- Born: January 19, 1976 (age 50)
- Genres: Classical music
- Website: lyndonwatts.com

= Lyndon Watts =

Australian bassoonist (born 1976)

Lyndon Jeffrey Frank Watts (born 19 January 1976) is an Australian bassoonist. He is principal bassoonist of the Münchner Philharmoniker and an academic teacher.

==Professional career==
Watts studied the bassoon from 1988 and completed his senior school education at Newington College in 1993. He collaborated with the Sydney Symphony Orchestra from 1992 to 1993, winning prizes at Australian competitions. From 1994 he studied at the Hochschule für Musik und Theater München with Eberhard Marschall and, in 2000, finished his master's degree with distinction.

In 1997 Watts won the international music competition pacem in terris of Bayreuth. In 2000 he was awarded the Yamaha Scholarship for Woodwind Instruments, which he used to study Baroque bassoon from 2001 to 2005 with Alberto Grazzi in Verona. He won a third prize at the ARD International Music Competition in 2002, he was the first Australian woodwind player in the competition's history to win a prize, and an "award for the best interpretation of the commissioned work by Heinz Holliger", Klaus-ur from Three Pieces for bassoon. Holliger's composition was recorded by the Bayerischer Rundfunk on the CD 21st Century Instrumental Solos, a collection of works commissioned by the ARD competition since 2002. On another recording of the prizewinners of 2002 he plays Mozart's bassoon concerto with the Münchener Kammerorchester.

Since 1998 Watts has been principal bassoonist of the Münchner Philharmoniker. He has also performed as a soloist with the Bavarian Radio Symphony Orchestra and the Münchener Kammerorchester. At the 2004 conference of the International Double Reed Society (IDRS) he appeared with the Melbourne Symphony Orchestra. He is a supporter of the Australian World Orchestra, founded in 2010.

As a chamber musician, he commissioned and first performed in 2001 the first of four quartets for a woodwind instrument and string trio, called "Finnische Quartette", by Jörg Duda. In 2003 he premiered the Bassoon Quintet of Graham Waterhouse at the Gasteig. At the 2009 IDRS conference in Birmingham he played in several recitals, for example with bassoonist Thomas Eberhardt Lacrimosa of Louis Andriessen, Holliger's Three Pieces, Sofia Gubaidulina's Duo for two bassoons, and the premiere of Bernd Redmann's Secret doors for two bassoons and orchestra. In December 2009 he took part in the festival of contemporary music Klangaktionen in Munich. In 2011 he premiered Redmann's Migrant for bassoon and string quartet in Munich.

Playing a Baroque bassoon built by Peter de Koningh after Eichentopf, Watts recorded arrangements of arias from Handel's operas, "The Gentleman's Flute", in an ensemble with Stefan Temmingh, recorder, and his wife Olga Watts, harpsichord, among others.
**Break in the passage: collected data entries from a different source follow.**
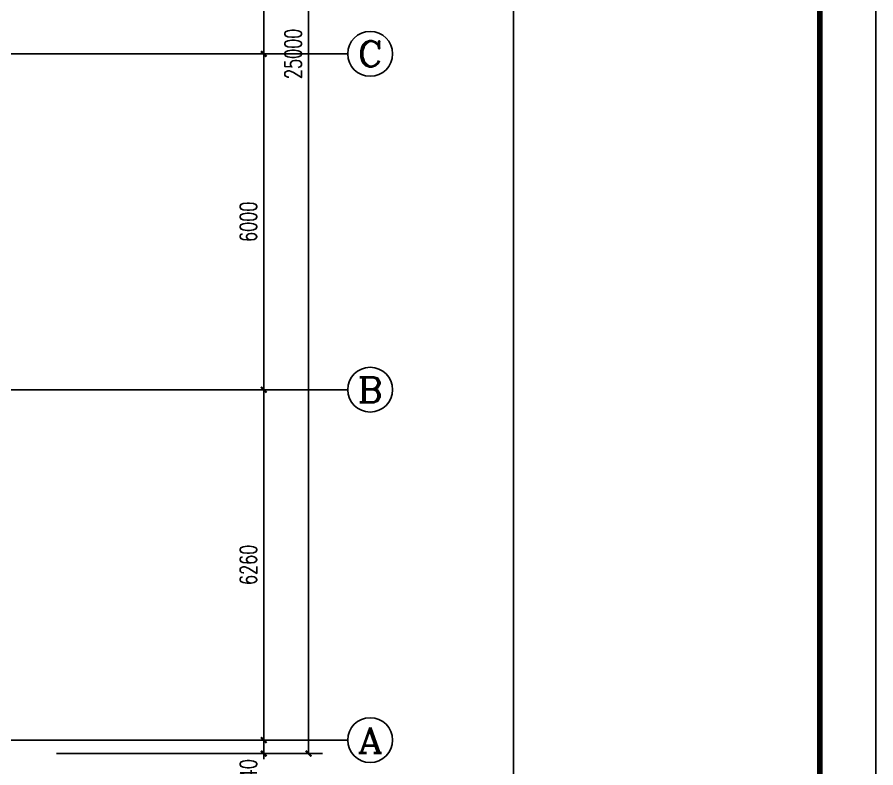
# Model space of a CAD drawing. Extents: x -17471 to 313636, y -71590 to 757901.
# Drawn here: x 110767 to 126100, y 163076 to 176488 of the extents above; entities that cross this region are included whole.
import ezdxf
from ezdxf.enums import TextEntityAlignment as Align

# ---------------------------------------------------------------- set-up
doc = ezdxf.new("R2010")
doc.units = 0
doc.header["$LTSCALE"] = 1000
doc.header["$MEASUREMENT"] = 0
for name, color, linetype in [('AXIS', 3, 'Continuous'), ('AXIS_TEXT', 7, 'Continuous'), ('DOTE', 1, 'Continuous'), ('PUB_TITLE', 4, 'Continuous'), ('图框', 7, 'Continuous'), ('玻璃', 155, 'Continuous')]:
    doc.layers.add(name, color=color, linetype=linetype)
doc.styles.add('_TCH_AXIS', font='COMPLEX', dxfattribs={"bigfont": 'GBCBIG'})
doc.styles.add('_TCH_DIM_T3', font='SIMPLEX', dxfattribs={"width": 0.705882, "bigfont": 'GBCBIG'})
doc.styles.add('COMPLEX', font='COMPLEX')
doc.dimstyles.new('_TCH_ARCH&&100', dxfattribs={"dimtxt": 297.5, "dimasz": 100, "dimexe": 250, "dimexo": 300, "dimgap": 126.25, "dimtad": 1, "dimdec": 0, "dimzin": 0, "dimdsep": 46, "dimtxsty": '_TCH_DIM_T3', "dimblk": 'ARCHTICK', "dimcen": 0.09, "dimclrt": 7, "dimazin": 2, "dimtfac": 1, "dimtdec": 0, "dimtix": 1, "dimtmove": 2, "dimatfit": 3, "dimfxl": 0, "dimtolj": 1, "dimtzin": 0, "dimarcsym": 0})

# ---------------------------------------------------------------- blocks, each defined once
blk = doc.blocks.new('建筑图签A1')
at = {"layer": '图框', "color": 4}
for p, q in [((119632, 58400), (119632, 1000)), ((119632, 58400), (119632, 1000)), ((119632, 1000), (119632, 58400)), ((125100, 58400), (125100, 1000))]:
    blk.add_line(p, q, dxfattribs=at)
at = {"layer": '玻璃'}
blk.add_line((119632, 42221, -1253), (119632, 1880, -4167), dxfattribs=at)
blk = doc.blocks.new('_ArchTick')
at = {"color": 0, "linetype": 'ByBlock', "const_width": 0.4}
blk.add_lwpolyline([(-0.5, -0.5), (0.5, 0.5)], dxfattribs=at)
blk = doc.blocks.new('*D1998')
at = {"layer": 'AXIS', "color": 0, "lineweight": -2, "transparency": 16777216}
for p, q in [((115170, 163572), (115170, 163672)), ((111470, 163572), (115420, 163572)), ((115170, 163332), (115170, 163572)), ((111470, 163332), (115420, 163332)), ((115170, 163332), (115170, 163232))]:
    blk.add_line(p, q, dxfattribs=at)
at = {"layer": 'Defpoints', "color": 0, "transparency": 16777216}
for p in [(111170, 163572), (115170, 163572), (111170, 163332)]:
    blk.add_point(p, dxfattribs=at)
at = {"layer": 'AXIS', "color": 0, "lineweight": -2, "transparency": 16777216, "xscale": 100, "yscale": 100, "zscale": 100}
for p, rotation in [((115170, 163572), 270), ((115170, 163332), 90)]:
    blk.add_blockref('_ArchTick', p, dxfattribs=dict(at, rotation=rotation))
at = {"layer": 'AXIS', "color": 7, "transparency": 16777216, "insert": (114895, 162962), "char_height": 297.5, "attachment_point": 5, "rotation": 90, "style": '_TCH_DIM_T3'}
blk.add_mtext('\\A1;240', dxfattribs=at)
blk = doc.blocks.new('*D1999')
at = {"layer": 'AXIS', "color": 0, "lineweight": -2, "transparency": 16777216}
for p, q in [((111470, 169832), (115420, 169832)), ((115170, 163572), (115170, 169832)), ((111470, 163572), (115420, 163572))]:
    blk.add_line(p, q, dxfattribs=at)
at = {"layer": 'Defpoints', "color": 0, "transparency": 16777216}
for p in [(111170, 169832), (115170, 169832), (111170, 163572)]:
    blk.add_point(p, dxfattribs=at)
at = {"layer": 'AXIS', "color": 0, "lineweight": -2, "transparency": 16777216, "xscale": 100, "yscale": 100, "zscale": 100}
for p, rotation in [((115170, 169832), 90), ((115170, 163572), 270)]:
    blk.add_blockref('_ArchTick', p, dxfattribs=dict(at, rotation=rotation))
at = {"layer": 'AXIS', "color": 7, "transparency": 16777216, "insert": (114895, 166702), "char_height": 297.5, "attachment_point": 5, "rotation": 90, "style": '_TCH_DIM_T3'}
blk.add_mtext('\\A1;6260', dxfattribs=at)
blk = doc.blocks.new('*D2000')
at = {"layer": 'AXIS', "color": 0, "lineweight": -2, "transparency": 16777216}
for p, q in [((111470, 175832), (115420, 175832)), ((115170, 169832), (115170, 175832)), ((111470, 169832), (115420, 169832))]:
    blk.add_line(p, q, dxfattribs=at)
at = {"layer": 'Defpoints', "color": 0, "transparency": 16777216}
for p in [(111170, 175832), (115170, 175832), (111170, 169832)]:
    blk.add_point(p, dxfattribs=at)
at = {"layer": 'AXIS', "color": 0, "lineweight": -2, "transparency": 16777216, "xscale": 100, "yscale": 100, "zscale": 100}
for p, rotation in [((115170, 175832), 90), ((115170, 169832), 270)]:
    blk.add_blockref('_ArchTick', p, dxfattribs=dict(at, rotation=rotation))
at = {"layer": 'AXIS', "color": 7, "transparency": 16777216, "insert": (114895, 172832), "char_height": 297.5, "attachment_point": 5, "rotation": 90, "style": '_TCH_DIM_T3'}
blk.add_mtext('\\A1;6000', dxfattribs=at)
blk = doc.blocks.new('*D2001')
at = {"layer": 'AXIS', "color": 0, "lineweight": -2, "transparency": 16777216}
for p, q in [((111470, 181832), (115420, 181832)), ((115170, 175832), (115170, 181832)), ((111470, 175832), (115420, 175832))]:
    blk.add_line(p, q, dxfattribs=at)
at = {"layer": 'Defpoints', "color": 0, "transparency": 16777216}
for p in [(111170, 181832), (115170, 181832), (111170, 175832)]:
    blk.add_point(p, dxfattribs=at)
at = {"layer": 'AXIS', "color": 0, "lineweight": -2, "transparency": 16777216, "xscale": 100, "yscale": 100, "zscale": 100}
for p, rotation in [((115170, 181832), 90), ((115170, 175832), 270)]:
    blk.add_blockref('_ArchTick', p, dxfattribs=dict(at, rotation=rotation))
at = {"layer": 'AXIS', "color": 7, "transparency": 16777216, "insert": (114895, 178832), "char_height": 297.5, "attachment_point": 5, "rotation": 90, "style": '_TCH_DIM_T3'}
blk.add_mtext('\\A1;6000', dxfattribs=at)
blk = doc.blocks.new('*D2004')
at = {"layer": 'AXIS', "color": 0, "lineweight": -2, "transparency": 16777216}
for p, q in [((111470, 188332), (116220, 188332)), ((115970, 163332), (115970, 188332)), ((111470, 163332), (116220, 163332))]:
    blk.add_line(p, q, dxfattribs=at)
at = {"layer": 'Defpoints', "color": 0, "transparency": 16777216}
for p in [(111170, 188332), (115970, 188332), (111170, 163332)]:
    blk.add_point(p, dxfattribs=at)
at = {"layer": 'AXIS', "color": 0, "lineweight": -2, "transparency": 16777216, "xscale": 100, "yscale": 100, "zscale": 100}
for p, rotation in [((115970, 188332), 90), ((115970, 163332), 270)]:
    blk.add_blockref('_ArchTick', p, dxfattribs=dict(at, rotation=rotation))
at = {"layer": 'AXIS', "color": 7, "transparency": 16777216, "insert": (115695, 175832), "char_height": 297.5, "attachment_point": 5, "rotation": 90, "style": '_TCH_DIM_T3'}
blk.add_mtext('\\A1;25000', dxfattribs=at)
blk = doc.blocks.new('_AXISO')
blk.add_circle((0, 0), 0.5)
at = {"layer": 'AXIS_TEXT', "style": 'COMPLEX', "width": 1.041667}
blk.add_attdef('A', text='', height=0.56, dxfattribs=at).set_placement((-0.25, -0.28), (0.25, -0.28), align=Align.FIT)

msp = doc.modelspace()

# ---------------------------------------------------------------- linework, layer by layer
at = {"layer": 'AXIS'}
for p, q in [((111170.2, 175832.3), (116670.2, 175832.3)), ((111170.2, 169832.3), (116670.2, 169832.3)), ((111170.2, 163572.3), (116670.2, 163572.3))]:
    msp.add_line(p, q, dxfattribs=at)
at = {"layer": 'DOTE'}
for p, q in [((11170.2, 175832.3), (111170.2, 175832.3)), ((110170.2, 169832.3), (111170.2, 169832.3)), ((11170.2, 163572.3), (111170.2, 163572.3))]:
    msp.add_line(p, q, dxfattribs=at)
at = {"layer": 'PUB_TITLE'}
msp.add_lwpolyline([(0, 143180.2), (126100, 143180.2), (126100, 202580.2), (0, 202580.2)], close=True, dxfattribs=at)
at = {"layer": 'PUB_TITLE', "const_width": 100}
msp.add_lwpolyline([(2500, 144180.2), (125100, 144180.2), (125100, 201580.2), (2500, 201580.2)], close=True, dxfattribs=at)

# ---------------------------------------------------------------- block references
msp.add_blockref('建筑图签A1', (0, 143180.2))
at = {"layer": 'AXIS'}
ref = msp.add_blockref('_AXISO', (117070.2, 175832.3), dxfattribs=dict(at, xscale=800, yscale=800, zscale=800))
ref.add_attrib('A', 'C', dxfattribs={"layer": 'AXIS_TEXT', "height": 452.5, "style": '_TCH_AXIS', "width": 1.4}).set_placement((116843.9, 175606.1), (117296.5, 175606.1), align=Align.FIT)
ref = msp.add_blockref('_AXISO', (117070.2, 169832.3), dxfattribs=dict(at, xscale=800, yscale=800, zscale=800))
ref.add_attrib('A', 'B', dxfattribs={"layer": 'AXIS_TEXT', "height": 452.5, "style": '_TCH_AXIS', "width": 1.235294}).set_placement((116843.9, 169606.1), (117296.5, 169606.1), align=Align.FIT)
ref = msp.add_blockref('_AXISO', (117070.2, 163572.3), dxfattribs=dict(at, xscale=800, yscale=800, zscale=800))
ref.add_attrib('A', 'A', dxfattribs={"layer": 'AXIS_TEXT', "height": 452.5, "style": '_TCH_AXIS', "width": 1.166667}).set_placement((116843.9, 163346.1), (117296.5, 163346.1), align=Align.FIT)

# ---------------------------------------------------------------- dimensions: what is measured, and where the dimension line sits
for p1, p2, distance, picture, middle in [((111170.2, 163332.3), (111170.2, 188332.3), -4800, '*D2004', (115695.2, 175832.3)), ((111170.2, 175832.3), (111170.2, 181832.3), -4000, '*D2001', (114895.2, 178832.3)), ((111170.2, 169832.3), (111170.2, 175832.3), -4000, '*D2000', (114895.2, 172832.3)), ((111170.2, 163572.3), (111170.2, 169832.3), -4000, '*D1999', (114895.2, 166702.3))]:
    dim = msp.add_aligned_dim(p1=p1, p2=p2, distance=distance, dimstyle='_TCH_ARCH&&100', dxfattribs=at)
    dim.commit()
    dim.dimension.update_dxf_attribs({"geometry": picture, "text_midpoint": middle})
dim = msp.add_linear_dim(base=(115170.2, 163572.3), p1=(111170.2, 163332.3), p2=(111170.2, 163572.3), angle=90, dimstyle='_TCH_ARCH&&100', dxfattribs=at)
dim.commit()
dim.dimension.update_dxf_attribs({"geometry": '*D1998', "text_midpoint": (114895.2, 162962.3), "dimtype": 129})

doc.saveas('drawing.dxf')

Watts was one of 16 bassoonists in the concert The Proud Bassoon, celebrating William Waterhouse on 16 April 2011 in Wigmore Hall. He played Waterhouse's arrangement for two bassoon choirs of Giovanni Gabrieli's Sonata Pian' e Forte, Anton Reicha's Quintet for bassoon and strings, on an 1807 instrument from Waterhouse's collection, and the Divertissement for bassoon and string quintet of Jean Francaix, dedicated to Waterhouse.

Watts taught the bassoon at the Hochschule für Musik und Theater München between 2002 and 2007, and has worked as a professor at the Bern University of the Arts since October 2005. He has conducted regular courses in Switzerland and Germany, and masterclasses in England, Portugal, Australia, Japan, China and Korea, such as a masterclass of the Australasian Double Reed Society in 2008. He has been a teacher for the Junge Münchner Philharmonie.